What is Section 174?

Section 174 refers to the Internal Revenue Code about research and experimentation (R&E) expenditures. This lesser-known but vital provision plays a crucial role in fostering innovation and driving economic growth, allowing businesses to recoup their R&D expenses through tax deductions.

Who is Subjected to Section 174?

Unfortunately, this is a very broad-reaching area of the tax law. It applies to taxpayers who must deal with uncertainty and solve problems to earn revenue. It doesn’t matter whether taxpayers claim the R&D tax credit or not. Regardless of whether taxpayers choose to claim the R&D tax credit, many will still be caught by its far-reaching impact.

How Have the Recent Changes Affected Taxpayers?

This area of the law now requires taxpayers to identify their R&D activities and associated costs.

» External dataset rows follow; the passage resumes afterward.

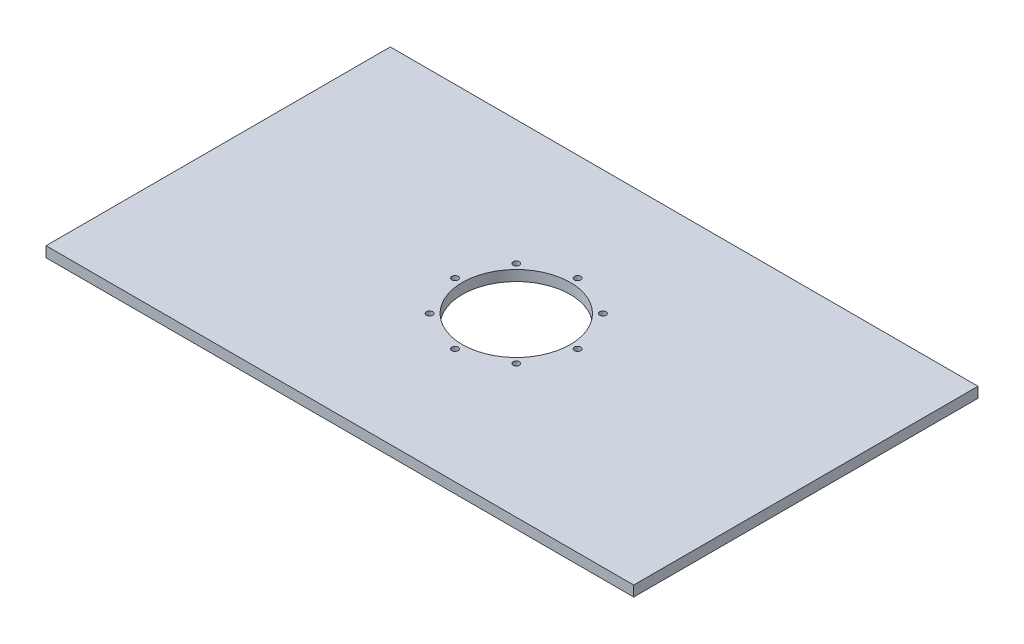
ISO-10303-21;
HEADER;
FILE_DESCRIPTION(('STEP AP214'),'2;1');
FILE_NAME('part.step','',(''),(''),'','','');
FILE_SCHEMA(('AUTOMOTIVE_DESIGN { 1 0 10303 214 1 1 1 1 }'));
ENDSEC;
DATA;
#1=APPLICATION_CONTEXT('core data for automotive mechanical design processes');
#2=APPLICATION_PROTOCOL_DEFINITION('international standard','automotive_design',2000,#1);
#3=PRODUCT_CONTEXT('',#1,'mechanical');
#4=PRODUCT('Part','Part','',(#3));
#5=PRODUCT_RELATED_PRODUCT_CATEGORY('part','',(#4));
#6=PRODUCT_DEFINITION_FORMATION('','',#4);
#7=PRODUCT_DEFINITION_CONTEXT('part definition',#1,'design');
#8=PRODUCT_DEFINITION('design','',#6,#7);
#9=PRODUCT_DEFINITION_SHAPE('','',#8);
#10=(LENGTH_UNIT() NAMED_UNIT(*) SI_UNIT(.MILLI.,.METRE.));
#11=(NAMED_UNIT(*) PLANE_ANGLE_UNIT() SI_UNIT($,.RADIAN.));
#12=(NAMED_UNIT(*) SI_UNIT($,.STERADIAN.) SOLID_ANGLE_UNIT());
#13=UNCERTAINTY_MEASURE_WITH_UNIT(LENGTH_MEASURE(1.E-05),#10,'distance_accuracy_value','');
#14=(GEOMETRIC_REPRESENTATION_CONTEXT(3) GLOBAL_UNCERTAINTY_ASSIGNED_CONTEXT((#13)) GLOBAL_UNIT_ASSIGNED_CONTEXT((#10,
#11,#12)) REPRESENTATION_CONTEXT('',''));
#15=CARTESIAN_POINT('',(0.,0.,0.));
#16=DIRECTION('',(0.,0.,1.));
#17=DIRECTION('',(1.,0.,0.));
#18=AXIS2_PLACEMENT_3D('',#15,#16,#17);
#19=CARTESIAN_POINT('',(0.,3.,0.));
#20=DIRECTION('',(0.,1.,0.));
#21=DIRECTION('',(0.,0.,1.));
#22=AXIS2_PLACEMENT_3D('',#19,#20,#21);
#23=PLANE('',#22);
#24=CARTESIAN_POINT('',(66.8750000000002,3.,-50.7318670248405));
#25=DIRECTION('',(0.,1.,0.));
#26=DIRECTION('',(0.,0.,1.));
#27=AXIS2_PLACEMENT_3D('',#24,#25,#26);
#28=CIRCLE('',#27,0.90500000000001);
#29=CARTESIAN_POINT('',(66.8750000000002,3.,-49.8268670248405));
#30=VERTEX_POINT('',#29);
#31=EDGE_CURVE('E362',#30,#30,#28,.T.);
#32=ORIENTED_EDGE('',*,*,#31,.F.);
#33=EDGE_LOOP('',(#32));
#34=FACE_BOUND('',#33,.T.);
#35=CARTESIAN_POINT('',(84.5,3.,-68.3568670248405));
#36=DIRECTION('',(0.,1.,0.));
#37=DIRECTION('',(0.,0.,1.));
#38=AXIS2_PLACEMENT_3D('',#35,#36,#37);
#39=CIRCLE('',#38,0.90500000000001);
#40=CARTESIAN_POINT('',(84.5,3.,-67.4518670248405));
#41=VERTEX_POINT('',#40);
#42=EDGE_CURVE('E372',#41,#41,#39,.T.);
#43=ORIENTED_EDGE('',*,*,#42,.F.);
#44=EDGE_LOOP('',(#43));
#45=FACE_BOUND('',#44,.T.);
#46=CARTESIAN_POINT('',(102.125,3.,-50.7318670248407));
#47=DIRECTION('',(0.,1.,0.));
#48=DIRECTION('',(0.,0.,1.));
#49=AXIS2_PLACEMENT_3D('',#46,#47,#48);
#50=CIRCLE('',#49,0.90500000000001);
#51=CARTESIAN_POINT('',(102.125,3.,-49.8268670248407));
#52=VERTEX_POINT('',#51);
#53=EDGE_CURVE('E387',#52,#52,#50,.T.);
#54=ORIENTED_EDGE('',*,*,#53,.F.);
#55=EDGE_LOOP('',(#54));
#56=FACE_BOUND('',#55,.T.);
#57=CARTESIAN_POINT('',(84.5000000000004,3.,-33.1068670248405));
#58=DIRECTION('',(0.,1.,0.));
#59=DIRECTION('',(0.,0.,1.));
#60=AXIS2_PLACEMENT_3D('',#57,#58,#59);
#61=CIRCLE('',#60,0.905000000000024);
#62=CARTESIAN_POINT('',(84.5000000000004,3.,-32.2018670248405));
#63=VERTEX_POINT('',#62);
#64=EDGE_CURVE('E400',#63,#63,#61,.T.);
#65=ORIENTED_EDGE('',*,*,#64,.F.);
#66=EDGE_LOOP('',(#65));
#67=FACE_BOUND('',#66,.T.);
#68=DIRECTION('',(1.,0.,0.));
#69=VECTOR('',#68,1.);
#70=CARTESIAN_POINT('',(0.,3.,-99.));
#71=LINE('',#70,#69);
#72=CARTESIAN_POINT('',(0.,3.,-99.));
#73=VERTEX_POINT('',#72);
#74=CARTESIAN_POINT('',(169.,3.,-99.));
#75=VERTEX_POINT('',#74);
#76=EDGE_CURVE('E277',#73,#75,#71,.T.);
#77=ORIENTED_EDGE('',*,*,#76,.F.);
#78=DIRECTION('',(0.,0.,-1.));
#79=VECTOR('',#78,1.);
#80=CARTESIAN_POINT('',(0.,3.,0.));
#81=LINE('',#80,#79);
#82=CARTESIAN_POINT('',(0.,3.,0.));
#83=VERTEX_POINT('',#82);
#84=EDGE_CURVE('E266',#83,#73,#81,.T.);
#85=ORIENTED_EDGE('',*,*,#84,.F.);
#86=DIRECTION('',(1.,0.,0.));
#87=VECTOR('',#86,1.);
#88=CARTESIAN_POINT('',(0.,3.,0.));
#89=LINE('',#88,#87);
#90=CARTESIAN_POINT('',(169.,3.,0.));
#91=VERTEX_POINT('',#90);
#92=EDGE_CURVE('E263',#83,#91,#89,.T.);
#93=ORIENTED_EDGE('',*,*,#92,.T.);
#94=DIRECTION('',(0.,0.,-1.));
#95=VECTOR('',#94,1.);
#96=CARTESIAN_POINT('',(169.,3.,0.));
#97=LINE('',#96,#95);
#98=EDGE_CURVE('E257',#91,#75,#97,.T.);
#99=ORIENTED_EDGE('',*,*,#98,.T.);
#100=EDGE_LOOP('',(#77,#85,#93,#99));
#101=FACE_BOUND('',#100,.T.);
#102=CARTESIAN_POINT('',(84.5,3.,-50.7318670248405));
#103=DIRECTION('',(0.,1.,0.));
#104=DIRECTION('',(0.,0.,1.));
#105=AXIS2_PLACEMENT_3D('',#102,#103,#104);
#106=CIRCLE('',#105,15.5);
#107=CARTESIAN_POINT('',(84.5,3.,-35.2318670248405));
#108=VERTEX_POINT('',#107);
#109=EDGE_CURVE('E286',#108,#108,#106,.T.);
#110=ORIENTED_EDGE('',*,*,#109,.F.);
#111=EDGE_LOOP('',(#110));
#112=FACE_BOUND('',#111,.T.);
#113=CARTESIAN_POINT('',(96.9627570184133,3.,-38.2691100064277));
#114=DIRECTION('',(0.,1.,0.));
#115=DIRECTION('',(0.,0.,1.));
#116=AXIS2_PLACEMENT_3D('',#113,#114,#115);
#117=CIRCLE('',#116,0.905000000000006);
#118=CARTESIAN_POINT('',(96.9627570184133,3.,-37.3641100064277));
#119=VERTEX_POINT('',#118);
#120=EDGE_CURVE('E395',#119,#119,#117,.T.);
#121=ORIENTED_EDGE('',*,*,#120,.F.);
#122=EDGE_LOOP('',(#121));
#123=FACE_BOUND('',#122,.T.);
#124=CARTESIAN_POINT('',(96.962757018413,3.,-63.1946240432536));
#125=DIRECTION('',(0.,1.,0.));
#126=DIRECTION('',(0.,0.,1.));
#127=AXIS2_PLACEMENT_3D('',#124,#125,#126);
#128=CIRCLE('',#127,0.905000000000006);
#129=CARTESIAN_POINT('',(96.962757018413,3.,-62.2896240432536));
#130=VERTEX_POINT('',#129);
#131=EDGE_CURVE('E379',#130,#130,#128,.T.);
#132=ORIENTED_EDGE('',*,*,#131,.F.);
#133=EDGE_LOOP('',(#132));
#134=FACE_BOUND('',#133,.T.);
#135=CARTESIAN_POINT('',(72.0372429815873,3.,-63.1946240432534));
#136=DIRECTION('',(0.,1.,0.));
#137=DIRECTION('',(0.,0.,1.));
#138=AXIS2_PLACEMENT_3D('',#135,#136,#137);
#139=CIRCLE('',#138,0.905000000000006);
#140=CARTESIAN_POINT('',(72.0372429815873,3.,-62.2896240432534));
#141=VERTEX_POINT('',#140);
#142=EDGE_CURVE('E366',#141,#141,#139,.T.);
#143=ORIENTED_EDGE('',*,*,#142,.F.);
#144=EDGE_LOOP('',(#143));
#145=FACE_BOUND('',#144,.T.);
#146=CARTESIAN_POINT('',(72.0372429815874,3.,-38.2691100064275));
#147=DIRECTION('',(0.,1.,0.));
#148=DIRECTION('',(0.,0.,1.));
#149=AXIS2_PLACEMENT_3D('',#146,#147,#148);
#150=CIRCLE('',#149,0.905000000000006);
#151=CARTESIAN_POINT('',(72.0372429815874,3.,-37.3641100064275));
#152=VERTEX_POINT('',#151);
#153=EDGE_CURVE('E354',#152,#152,#150,.T.);
#154=ORIENTED_EDGE('',*,*,#153,.F.);
#155=EDGE_LOOP('',(#154));
#156=FACE_BOUND('',#155,.T.);
#157=ADVANCED_FACE('F220',(#34,#45,#56,#67,#101,#112,#123,#134,#145,#156),#23,.T.);
#158=CARTESIAN_POINT('',(0.,0.,0.));
#159=DIRECTION('',(0.,1.,0.));
#160=DIRECTION('',(0.,0.,1.));
#161=AXIS2_PLACEMENT_3D('',#158,#159,#160);
#162=PLANE('',#161);
#163=DIRECTION('',(1.,0.,0.));
#164=VECTOR('',#163,1.);
#165=CARTESIAN_POINT('',(0.,0.,-99.));
#166=LINE('',#165,#164);
#167=CARTESIAN_POINT('',(0.,0.,-99.));
#168=VERTEX_POINT('',#167);
#169=CARTESIAN_POINT('',(169.,0.,-99.));
#170=VERTEX_POINT('',#169);
#171=EDGE_CURVE('E284',#168,#170,#166,.T.);
#172=ORIENTED_EDGE('',*,*,#171,.T.);
#173=DIRECTION('',(0.,0.,-1.));
#174=VECTOR('',#173,1.);
#175=CARTESIAN_POINT('',(169.,0.,0.));
#176=LINE('',#175,#174);
#177=CARTESIAN_POINT('',(169.,0.,0.));
#178=VERTEX_POINT('',#177);
#179=EDGE_CURVE('E289',#178,#170,#176,.T.);
#180=ORIENTED_EDGE('',*,*,#179,.F.);
#181=DIRECTION('',(1.,0.,0.));
#182=VECTOR('',#181,1.);
#183=CARTESIAN_POINT('',(0.,0.,0.));
#184=LINE('',#183,#182);
#185=CARTESIAN_POINT('',(0.,0.,0.));
#186=VERTEX_POINT('',#185);
#187=EDGE_CURVE('E271',#186,#178,#184,.T.);
#188=ORIENTED_EDGE('',*,*,#187,.F.);
#189=DIRECTION('',(0.,0.,-1.));
#190=VECTOR('',#189,1.);
#191=CARTESIAN_POINT('',(0.,0.,0.));
#192=LINE('',#191,#190);
#193=EDGE_CURVE('E279',#186,#168,#192,.T.);
#194=ORIENTED_EDGE('',*,*,#193,.T.);
#195=EDGE_LOOP('',(#172,#180,#188,#194));
#196=FACE_BOUND('',#195,.T.);
#197=CARTESIAN_POINT('',(84.5,0.,-50.7318670248405));
#198=DIRECTION('',(0.,1.,0.));
#199=DIRECTION('',(0.,0.,1.));
#200=AXIS2_PLACEMENT_3D('',#197,#198,#199);
#201=CIRCLE('',#200,15.5);
#202=CARTESIAN_POINT('',(84.5,0.,-35.2318670248405));
#203=VERTEX_POINT('',#202);
#204=EDGE_CURVE('E402',#203,#203,#201,.T.);
#205=ORIENTED_EDGE('',*,*,#204,.T.);
#206=EDGE_LOOP('',(#205));
#207=FACE_BOUND('',#206,.T.);
#208=CARTESIAN_POINT('',(84.5000000000004,0.,-33.1068670248405));
#209=DIRECTION('',(0.,1.,0.));
#210=DIRECTION('',(0.,0.,1.));
#211=AXIS2_PLACEMENT_3D('',#208,#209,#210);
#212=CIRCLE('',#211,0.905000000000024);
#213=CARTESIAN_POINT('',(84.5000000000004,0.,-32.2018670248405));
#214=VERTEX_POINT('',#213);
#215=EDGE_CURVE('E393',#214,#214,#212,.T.);
#216=ORIENTED_EDGE('',*,*,#215,.T.);
#217=EDGE_LOOP('',(#216));
#218=FACE_BOUND('',#217,.T.);
#219=CARTESIAN_POINT('',(96.9627570184133,0.,-38.2691100064277));
#220=DIRECTION('',(0.,1.,0.));
#221=DIRECTION('',(0.,0.,1.));
#222=AXIS2_PLACEMENT_3D('',#219,#220,#221);
#223=CIRCLE('',#222,0.905000000000006);
#224=CARTESIAN_POINT('',(96.9627570184133,0.,-37.3641100064277));
#225=VERTEX_POINT('',#224);
#226=EDGE_CURVE('E386',#225,#225,#223,.T.);
#227=ORIENTED_EDGE('',*,*,#226,.T.);
#228=EDGE_LOOP('',(#227));
#229=FACE_BOUND('',#228,.T.);
#230=CARTESIAN_POINT('',(102.125,0.,-50.7318670248407));
#231=DIRECTION('',(0.,1.,0.));
#232=DIRECTION('',(0.,0.,1.));
#233=AXIS2_PLACEMENT_3D('',#230,#231,#232);
#234=CIRCLE('',#233,0.90500000000001);
#235=CARTESIAN_POINT('',(102.125,0.,-49.8268670248407));
#236=VERTEX_POINT('',#235);
#237=EDGE_CURVE('E382',#236,#236,#234,.T.);
#238=ORIENTED_EDGE('',*,*,#237,.T.);
#239=EDGE_LOOP('',(#238));
#240=FACE_BOUND('',#239,.T.);
#241=CARTESIAN_POINT('',(96.962757018413,0.,-63.1946240432536));
#242=DIRECTION('',(0.,1.,0.));
#243=DIRECTION('',(0.,0.,1.));
#244=AXIS2_PLACEMENT_3D('',#241,#242,#243);
#245=CIRCLE('',#244,0.905000000000006);
#246=CARTESIAN_POINT('',(96.962757018413,0.,-62.2896240432536));
#247=VERTEX_POINT('',#246);
#248=EDGE_CURVE('E380',#247,#247,#245,.T.);
#249=ORIENTED_EDGE('',*,*,#248,.T.);
#250=EDGE_LOOP('',(#249));
#251=FACE_BOUND('',#250,.T.);
#252=CARTESIAN_POINT('',(84.5,0.,-68.3568670248405));
#253=DIRECTION('',(0.,1.,0.));
#254=DIRECTION('',(0.,0.,1.));
#255=AXIS2_PLACEMENT_3D('',#252,#253,#254);
#256=CIRCLE('',#255,0.90500000000001);
#257=CARTESIAN_POINT('',(84.5,0.,-67.4518670248405));
#258=VERTEX_POINT('',#257);
#259=EDGE_CURVE('E371',#258,#258,#256,.T.);
#260=ORIENTED_EDGE('',*,*,#259,.T.);
#261=EDGE_LOOP('',(#260));
#262=FACE_BOUND('',#261,.T.);
#263=CARTESIAN_POINT('',(72.0372429815873,0.,-63.1946240432534));
#264=DIRECTION('',(0.,1.,0.));
#265=DIRECTION('',(0.,0.,1.));
#266=AXIS2_PLACEMENT_3D('',#263,#264,#265);
#267=CIRCLE('',#266,0.905000000000006);
#268=CARTESIAN_POINT('',(72.0372429815873,0.,-62.2896240432534));
#269=VERTEX_POINT('',#268);
#270=EDGE_CURVE('E364',#269,#269,#267,.T.);
#271=ORIENTED_EDGE('',*,*,#270,.T.);
#272=EDGE_LOOP('',(#271));
#273=FACE_BOUND('',#272,.T.);
#274=CARTESIAN_POINT('',(66.8750000000002,0.,-50.7318670248405));
#275=DIRECTION('',(0.,1.,0.));
#276=DIRECTION('',(0.,0.,1.));
#277=AXIS2_PLACEMENT_3D('',#274,#275,#276);
#278=CIRCLE('',#277,0.90500000000001);
#279=CARTESIAN_POINT('',(66.8750000000002,0.,-49.8268670248405));
#280=VERTEX_POINT('',#279);
#281=EDGE_CURVE('E358',#280,#280,#278,.T.);
#282=ORIENTED_EDGE('',*,*,#281,.T.);
#283=EDGE_LOOP('',(#282));
#284=FACE_BOUND('',#283,.T.);
#285=CARTESIAN_POINT('',(72.0372429815874,0.,-38.2691100064275));
#286=DIRECTION('',(0.,1.,0.));
#287=DIRECTION('',(0.,0.,1.));
#288=AXIS2_PLACEMENT_3D('',#285,#286,#287);
#289=CIRCLE('',#288,0.905000000000006);
#290=CARTESIAN_POINT('',(72.0372429815874,0.,-37.3641100064275));
#291=VERTEX_POINT('',#290);
#292=EDGE_CURVE('E359',#291,#291,#289,.T.);
#293=ORIENTED_EDGE('',*,*,#292,.T.);
#294=EDGE_LOOP('',(#293));
#295=FACE_BOUND('',#294,.T.);
#296=ADVANCED_FACE('F291',(#196,#207,#218,#229,#240,#251,#262,#273,#284,#295),#162,.F.);
#297=CARTESIAN_POINT('',(0.,3.,-99.));
#298=DIRECTION('',(0.,0.,-1.));
#299=DIRECTION('',(-1.,0.,0.));
#300=AXIS2_PLACEMENT_3D('',#297,#298,#299);
#301=PLANE('',#300);
#302=ORIENTED_EDGE('',*,*,#171,.F.);
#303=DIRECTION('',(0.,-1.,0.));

Once those are identified, the amounts are capitalized for federal income tax purposes and amortized over a five-year period for domestic costs and a fifteen-year period for international costs. This is the main pain point for many taxpayers.

Specifically, there has been a brutal hit to engineering firms, architecture firms, software development companies, and manufacturers. Every year these and other types of taxpayers perform R&D activities including, providing product designs, specifications, blueprints, and enhancements. Unfortunately, those costs can no longer be deducted as incurred.

For example, an engineering firm, to serve its clientele, has engineers, drafting technicians, and other employees who focus daily on solving problems and creating solutions that rely on engineering principles. In today’s tax world, companies like this must capitalize and slowly deduct the costs of running their businesses. Expenditures like salaries, intellectual property attorneys, and design drawings were previously immediately deductible before recent modifications to Section 174. Despite the cash outflow to cover these expenses, businesses now find themselves in a situation where they must wait to deduct these costs over an extended period.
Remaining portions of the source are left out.